Within the material below, locate the line with "doc.styles.add('gismo', font='isocpeui.ttf')" and the line with "doc.styles.add('СГЕН", then return those two lines and all lines between them, exactly as written.

---*---

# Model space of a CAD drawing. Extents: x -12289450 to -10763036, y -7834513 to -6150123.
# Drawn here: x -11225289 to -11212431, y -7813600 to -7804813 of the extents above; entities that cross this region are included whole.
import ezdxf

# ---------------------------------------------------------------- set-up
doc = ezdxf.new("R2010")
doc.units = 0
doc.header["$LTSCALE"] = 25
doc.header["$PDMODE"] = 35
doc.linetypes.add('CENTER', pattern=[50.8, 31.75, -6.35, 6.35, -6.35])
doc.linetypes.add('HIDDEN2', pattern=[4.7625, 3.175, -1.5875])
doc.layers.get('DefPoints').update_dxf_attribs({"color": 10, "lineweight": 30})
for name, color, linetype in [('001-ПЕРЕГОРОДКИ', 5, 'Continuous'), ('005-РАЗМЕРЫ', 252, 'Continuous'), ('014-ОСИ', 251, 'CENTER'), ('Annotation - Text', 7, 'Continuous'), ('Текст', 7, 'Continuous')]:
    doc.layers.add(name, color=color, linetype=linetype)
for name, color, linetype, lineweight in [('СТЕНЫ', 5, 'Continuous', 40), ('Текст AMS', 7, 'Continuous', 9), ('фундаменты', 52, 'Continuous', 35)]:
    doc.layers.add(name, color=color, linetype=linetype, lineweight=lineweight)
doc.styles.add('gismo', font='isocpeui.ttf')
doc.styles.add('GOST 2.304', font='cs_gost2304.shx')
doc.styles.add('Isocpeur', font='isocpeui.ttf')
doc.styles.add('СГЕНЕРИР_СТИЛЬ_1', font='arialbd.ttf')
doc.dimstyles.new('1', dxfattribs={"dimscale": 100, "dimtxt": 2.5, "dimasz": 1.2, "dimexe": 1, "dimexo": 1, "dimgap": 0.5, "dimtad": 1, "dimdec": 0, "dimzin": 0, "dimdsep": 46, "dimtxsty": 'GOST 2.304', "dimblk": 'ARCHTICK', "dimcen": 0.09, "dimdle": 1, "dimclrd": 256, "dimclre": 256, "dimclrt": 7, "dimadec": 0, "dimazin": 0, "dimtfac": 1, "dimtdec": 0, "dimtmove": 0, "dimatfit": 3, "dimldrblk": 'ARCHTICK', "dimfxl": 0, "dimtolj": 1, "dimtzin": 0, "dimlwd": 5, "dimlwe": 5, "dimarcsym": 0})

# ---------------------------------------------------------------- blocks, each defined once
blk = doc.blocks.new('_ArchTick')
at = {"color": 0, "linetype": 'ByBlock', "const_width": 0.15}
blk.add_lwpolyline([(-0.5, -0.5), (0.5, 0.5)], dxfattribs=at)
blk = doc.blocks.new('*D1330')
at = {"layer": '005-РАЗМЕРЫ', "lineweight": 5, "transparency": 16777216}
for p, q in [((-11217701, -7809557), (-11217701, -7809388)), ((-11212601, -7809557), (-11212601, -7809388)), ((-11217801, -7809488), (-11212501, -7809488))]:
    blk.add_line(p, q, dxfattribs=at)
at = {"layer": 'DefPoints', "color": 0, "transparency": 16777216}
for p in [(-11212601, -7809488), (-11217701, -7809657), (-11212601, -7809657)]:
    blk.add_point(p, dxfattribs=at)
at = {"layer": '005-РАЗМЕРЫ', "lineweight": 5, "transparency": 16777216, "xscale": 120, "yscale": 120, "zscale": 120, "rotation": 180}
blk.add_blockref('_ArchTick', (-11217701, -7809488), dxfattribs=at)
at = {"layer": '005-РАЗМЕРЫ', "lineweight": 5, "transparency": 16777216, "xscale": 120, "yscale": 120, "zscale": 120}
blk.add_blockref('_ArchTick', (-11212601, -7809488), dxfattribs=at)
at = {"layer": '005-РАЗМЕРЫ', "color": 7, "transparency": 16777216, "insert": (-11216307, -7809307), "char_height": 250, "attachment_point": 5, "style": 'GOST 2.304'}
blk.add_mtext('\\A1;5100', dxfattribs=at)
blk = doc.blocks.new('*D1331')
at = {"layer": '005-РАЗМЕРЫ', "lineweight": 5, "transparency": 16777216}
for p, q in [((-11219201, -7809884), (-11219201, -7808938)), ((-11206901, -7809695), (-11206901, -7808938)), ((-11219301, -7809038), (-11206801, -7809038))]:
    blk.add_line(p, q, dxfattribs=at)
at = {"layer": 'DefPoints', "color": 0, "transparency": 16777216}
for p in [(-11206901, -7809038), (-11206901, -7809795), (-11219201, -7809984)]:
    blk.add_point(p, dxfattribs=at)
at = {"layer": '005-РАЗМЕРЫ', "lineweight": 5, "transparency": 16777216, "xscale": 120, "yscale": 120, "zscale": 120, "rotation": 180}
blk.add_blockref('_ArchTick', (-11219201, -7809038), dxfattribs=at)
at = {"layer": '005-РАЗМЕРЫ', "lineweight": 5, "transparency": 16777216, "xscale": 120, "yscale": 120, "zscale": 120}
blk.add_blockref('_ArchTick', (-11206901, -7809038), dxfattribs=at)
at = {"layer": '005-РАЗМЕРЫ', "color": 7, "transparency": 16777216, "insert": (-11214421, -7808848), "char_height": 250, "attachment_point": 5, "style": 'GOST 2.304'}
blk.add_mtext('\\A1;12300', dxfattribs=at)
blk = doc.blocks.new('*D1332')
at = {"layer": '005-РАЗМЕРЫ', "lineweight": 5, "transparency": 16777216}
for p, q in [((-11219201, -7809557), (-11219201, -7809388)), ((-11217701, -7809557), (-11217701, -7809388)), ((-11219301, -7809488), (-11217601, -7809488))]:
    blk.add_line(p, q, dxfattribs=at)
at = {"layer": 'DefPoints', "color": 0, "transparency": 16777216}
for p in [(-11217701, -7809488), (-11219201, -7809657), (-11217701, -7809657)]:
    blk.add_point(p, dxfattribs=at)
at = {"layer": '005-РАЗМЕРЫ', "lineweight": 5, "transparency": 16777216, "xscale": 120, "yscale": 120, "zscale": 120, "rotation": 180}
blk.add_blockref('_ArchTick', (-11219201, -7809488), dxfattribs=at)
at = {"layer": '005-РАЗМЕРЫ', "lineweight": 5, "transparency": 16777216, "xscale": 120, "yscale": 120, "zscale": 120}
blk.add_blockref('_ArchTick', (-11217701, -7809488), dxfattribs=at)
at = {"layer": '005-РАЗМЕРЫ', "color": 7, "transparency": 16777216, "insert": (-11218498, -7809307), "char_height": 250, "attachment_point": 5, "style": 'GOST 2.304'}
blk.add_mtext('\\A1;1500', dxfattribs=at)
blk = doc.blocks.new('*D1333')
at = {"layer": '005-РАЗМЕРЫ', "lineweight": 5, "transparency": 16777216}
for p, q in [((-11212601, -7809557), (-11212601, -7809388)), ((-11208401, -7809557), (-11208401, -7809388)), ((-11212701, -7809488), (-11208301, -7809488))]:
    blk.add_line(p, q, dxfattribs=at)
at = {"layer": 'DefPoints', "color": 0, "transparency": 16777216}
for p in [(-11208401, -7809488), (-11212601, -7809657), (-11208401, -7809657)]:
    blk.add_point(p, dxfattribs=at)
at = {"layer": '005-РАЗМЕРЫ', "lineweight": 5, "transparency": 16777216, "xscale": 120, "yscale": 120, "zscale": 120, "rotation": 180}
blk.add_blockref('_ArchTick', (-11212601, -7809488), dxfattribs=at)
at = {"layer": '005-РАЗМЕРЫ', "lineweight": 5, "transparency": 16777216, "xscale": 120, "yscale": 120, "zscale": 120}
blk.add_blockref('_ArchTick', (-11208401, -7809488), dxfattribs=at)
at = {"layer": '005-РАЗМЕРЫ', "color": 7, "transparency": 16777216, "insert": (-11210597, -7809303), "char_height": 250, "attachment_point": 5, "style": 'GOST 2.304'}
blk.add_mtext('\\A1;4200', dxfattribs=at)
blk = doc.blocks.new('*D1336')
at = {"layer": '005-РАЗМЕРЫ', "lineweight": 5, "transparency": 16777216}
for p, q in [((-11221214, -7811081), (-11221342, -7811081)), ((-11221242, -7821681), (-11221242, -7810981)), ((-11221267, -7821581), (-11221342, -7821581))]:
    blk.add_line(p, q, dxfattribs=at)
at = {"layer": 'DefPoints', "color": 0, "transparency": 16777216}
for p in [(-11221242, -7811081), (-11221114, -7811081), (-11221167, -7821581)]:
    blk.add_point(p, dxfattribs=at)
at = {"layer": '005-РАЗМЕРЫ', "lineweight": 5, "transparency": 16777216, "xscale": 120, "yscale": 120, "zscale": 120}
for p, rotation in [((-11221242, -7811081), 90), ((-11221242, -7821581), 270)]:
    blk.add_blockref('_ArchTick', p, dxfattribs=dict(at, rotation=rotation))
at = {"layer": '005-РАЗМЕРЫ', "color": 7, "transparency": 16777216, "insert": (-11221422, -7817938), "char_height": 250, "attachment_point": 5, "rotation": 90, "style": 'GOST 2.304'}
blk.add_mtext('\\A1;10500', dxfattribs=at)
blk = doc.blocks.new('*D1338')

---*---

→ **EXERCISE RESPONSE**:
doc.styles.add('gismo', font='isocpeui.ttf')
doc.styles.add('GOST 2.304', font='cs_gost2304.shx')
doc.styles.add('Isocpeur', font='isocpeui.ttf')
doc.styles.add('СГЕНЕРИР_СТИЛЬ_1', font='arialbd.ttf')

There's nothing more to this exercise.